FAQs in Using Valves
1. Why is the sanitary double seat valve easy to oscillate when working?
For single-core, when the medium is an open type, the valve stability is good; when the medium is a closed type, the valve stability is poor. The double seat valve has two spools, the lower spool in the flow closed state, and the spool in the open state. In this way, when the valve is working, the flow of the closed spool easily leads to valve vibration. This is why a double seat valve cannot be used for small openings.
2. Why double seal valve cannot be used as a shut-off valve?
The double seat valve core has the advantage of a force balance structure, allowing a larger pressure drop, but its biggest drawback is that the two sealing surfaces cannot be in perfect connection at the same time, resulting in a huge leak. If it is artificially and forcefully cut off, the effect is clearly not good. Even for it made many improvements (such as a double seal sleeve valve), is not effective.
3. Why does the straight stroke adjustment valve appear to have poor anti-blocking performance, while the angular stroke valve anti-blocking performs well?

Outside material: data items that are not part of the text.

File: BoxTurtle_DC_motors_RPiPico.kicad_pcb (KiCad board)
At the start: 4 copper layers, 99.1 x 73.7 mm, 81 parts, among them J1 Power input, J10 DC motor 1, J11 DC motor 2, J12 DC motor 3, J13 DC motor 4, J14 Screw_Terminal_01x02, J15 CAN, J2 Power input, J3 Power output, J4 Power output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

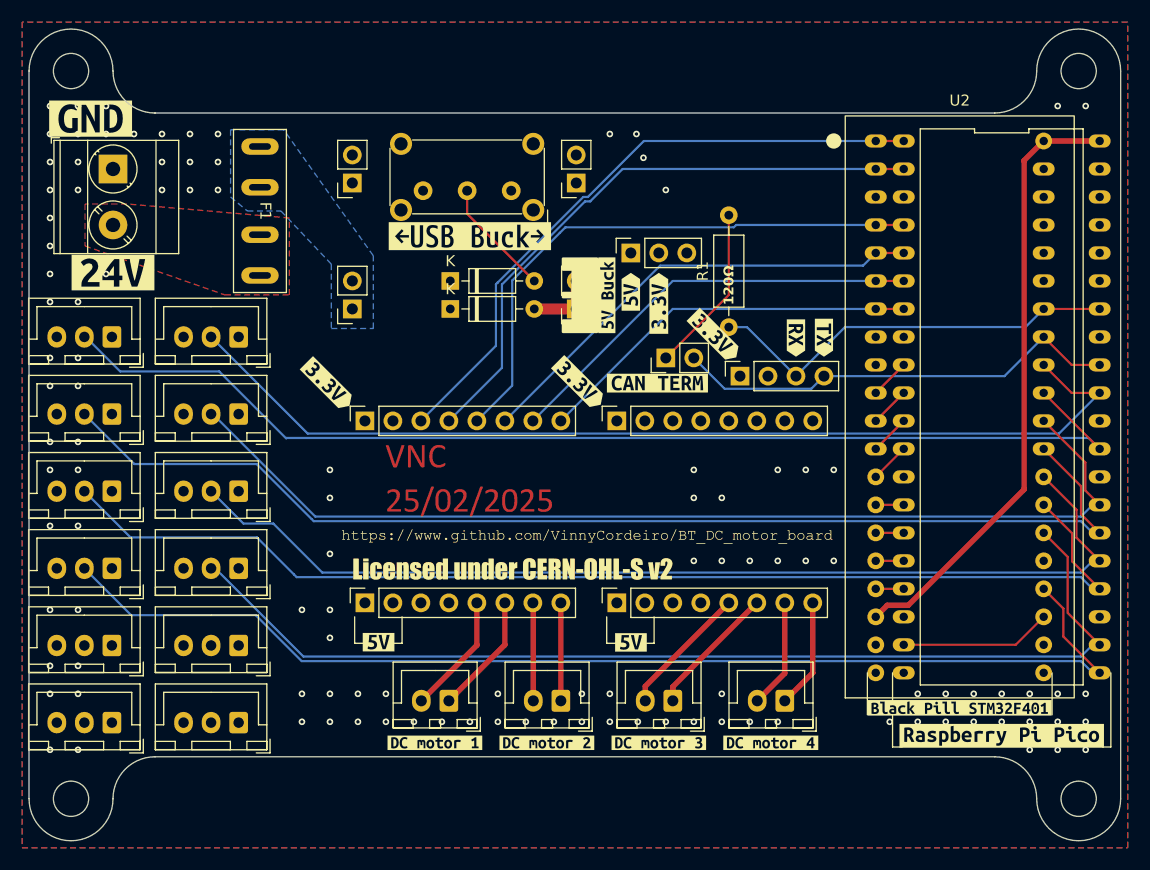
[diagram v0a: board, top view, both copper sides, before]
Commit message: Revision 2.6
Updated footprints again now that I have them on hand to accurately make measures, changed selection switch for a model that is smaller and carry more current.
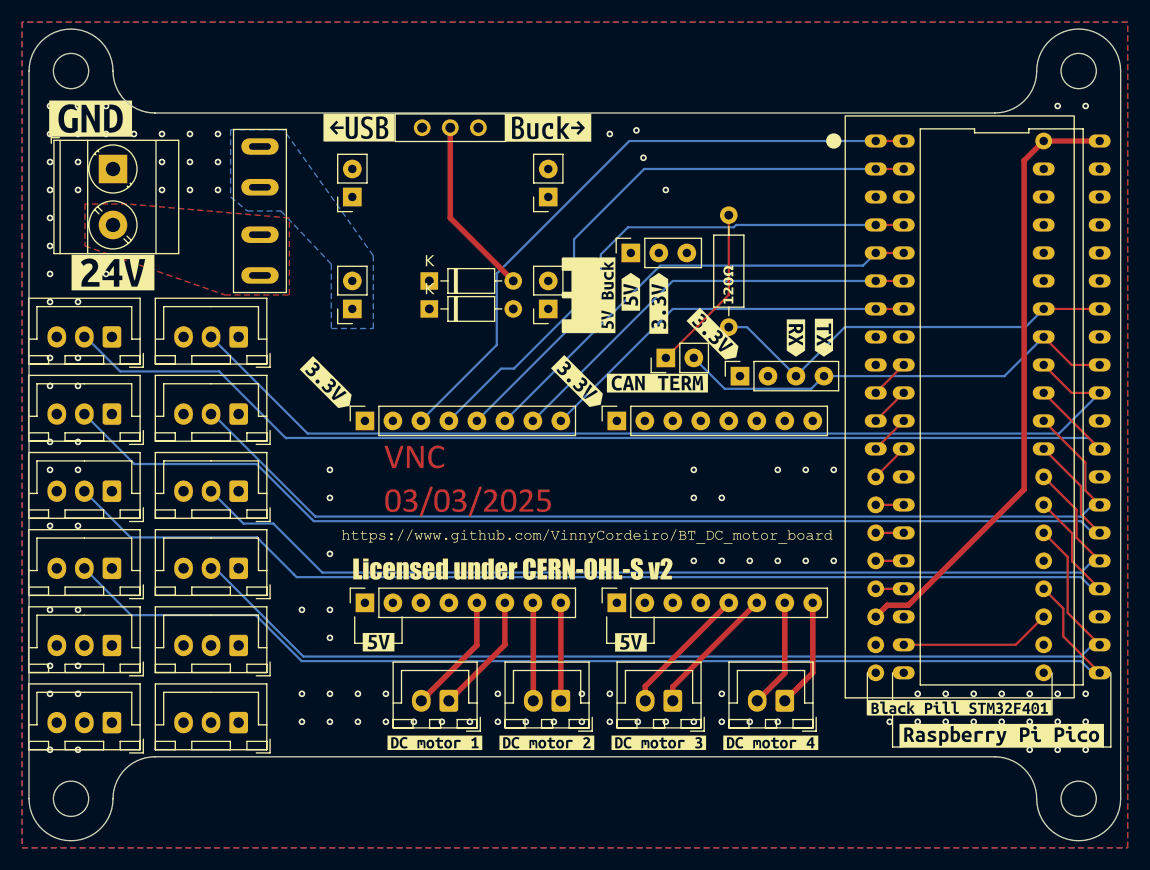
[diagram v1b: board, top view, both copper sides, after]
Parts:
- removed kibuzzard-67A00B69: G***, kibuzzard-67A00B69
- removed kibuzzard-67A00BD4: G***, kibuzzard-67A00BD4
- added kibuzzard-67C5FAD7: G***, kibuzzard-67C5FAD7, F.Cu at (123.9, 44.5)
- added kibuzzard-67C5FB16: G***, kibuzzard-67C5FB16, B.Cu at (123.9, 44.5)
- added kibuzzard-67C5FB88: G***, kibuzzard-67C5FB88, F.Cu at (141.1, 44.5)
- added kibuzzard-67C5FBBE: G***, kibuzzard-67C5FBBE, B.Cu at (141.1, 44.5)
- SW13: value EG1224 -> K3-1204D; footprint Button_Switch_THT:SW_E-Switch_EG1224_SPDT_Angled -> K3-1204D:K3-1204D
- moved SW13 7.95 mm to (132.2, 44.5)
- moved J4 2.84 mm to (141.1, 50.8)
- moved J3 2.54 mm to (141.1, 61.0)
- moved D1 1.91 mm to (130.3, 58.4)
- moved D2 1.91 mm to (130.3, 61.0)
- moved J2 1.27 mm to (123.3, 50.8)
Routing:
- net +5VBUCK: track 6.35 -> 0.00 mm
- net Net-(D1-A): track 10.7 -> 16.3 mm
- net DC2_1: track 51.7 -> 48.4 mm
- net VBUS: track 116.6 -> 118.6 mm
- net DC1_1: track 55.2 -> 54.4 mm
- net SLP_1: track 57.6 -> 58.1 mm
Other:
- board text added: "BoxTurtle DC motors standalone board Rev 2.6"
- board text removed: "BoxTurtle DC motors standalone board Rev 2.5"

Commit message: Revision 2.6.1
Just silkscreen changes
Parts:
- removed kibuzzard-67A0C0D2 (x4): G***, kibuzzard-67A0C0D2
- removed kibuzzard-67A0C14A: G***, kibuzzard-67A0C14A
- removed kibuzzard-67A0C703: G***, kibuzzard-67A0C703
- removed kibuzzard-67A0CDC3: G***, kibuzzard-67A0CDC3
- removed kibuzzard-67A0CDFB: G***, kibuzzard-67A0CDFB
- added kibuzzard-67C627D9: G***, kibuzzard-67C627D9, F.Cu at (125.7, 90.4)
- added kibuzzard-67C627E2: G***, kibuzzard-67C627E2, F.Cu at (148.6, 90.4)
- added kibuzzard-67C627EC: G***, kibuzzard-67C627EC, F.Cu at (121.6, 68.2)
- added kibuzzard-67C627F5: G***, kibuzzard-67C627F5, F.Cu at (144.4, 68.2)
- added kibuzzard-67C6285C: G***, kibuzzard-67C6285C, B.Cu at (121.6, 68.2)
- added kibuzzard-67C6289C: G***, kibuzzard-67C6289C, B.Cu at (144.4, 68.2)
- added kibuzzard-67C628B6: G***, kibuzzard-67C628B6, B.Cu at (148.5, 90.4)
- added kibuzzard-67C628BD: G***, kibuzzard-67C628BD, B.Cu at (125.7, 90.4)
- moved kibuzzard-679EE822 2.45 mm to (156.2, 63.4), turned to -45 degrees
- moved kibuzzard-67A0CA07 1.02 mm to (145.4, 59.7)
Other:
- board text added: "BoxTurtle DC motors standalone board Rev 2.6.1"
- board text removed: "BoxTurtle DC motors standalone board Rev 2.6"

The straight stroke adjustment valve spool is a vertical throttling, but the medium is horizontal when inflow and outflow. In this way, the flow channel in the valve cavity must be distorted so that the flow path of the valve becomes quite complicated (the shape is inverted “S”). There are many dead zones, thus providing room for precipitation of the medium. In the long run, congestion takes shape. On the contrary, an angular stroke valve is not a vertical throttling. The entrance and exit of the medium are horizontal, which is easy to remove the dirty matters. At the same time, its flow path is simple, medium precipitation space is also small, so the angular stroke valve has a better performance in anti-blocking.
4. Why is the stem of the straight stroke adjustment valve thin?
It involves a simple mechanical principle: sliding friction is large, and rolling friction is small. When the valve stem of the straight-stroke valve moves up and down, the packing is slightly compressed, and it will pack the valve stem tightly and produce a large backlash. To this end, the stem design is very small and the filler also commonly uses PTFE small friction coefficient in order to reduce backlash. However, the resulting problem is a thin stem that is easy to bend, and the filler life is also short. To solve this problem, the best way is to use the trip valve stem, that is, the type of angular travel control valve. Its stem is 2 to 3 times thicker than the straight stroke stem. And if a filler of long-life graphite is chosen, the valve stem becomes stiff. But the friction torque is small, and hysteresis is small as well.
5. Why shut-off valve should try hard seal?
The shut-off valve requires leakage as low as possible. The leakage of the soft-sealed valve is the lowest, and its cut-off effect is very good. But it is not wear-resistant, and its reliability is poor. From the double standards of small leakage and reliable seal, the soft seal is not as good as a hard seal. Such as a full-function ultra-light control valve, sealed and piled with wear-resistant alloy protection, has high reliability. A leakage rate of 10-7 has been able to meet the requirements of the shut-off valve.
6. Why is shape selection more important than calculation?
For calculation and shape selection, the latter is more important and complex. Because the calculation is just a simple formula process, it does not depend on the accuracy of the formula itself, but on the accuracy of the given process parameters. Selection involves much more; a little mistake will result in improper shape selection. It will not only waste human, material, and financial resources, but also result in a number of usage problems such as reliability, life expectancy, and operational quality.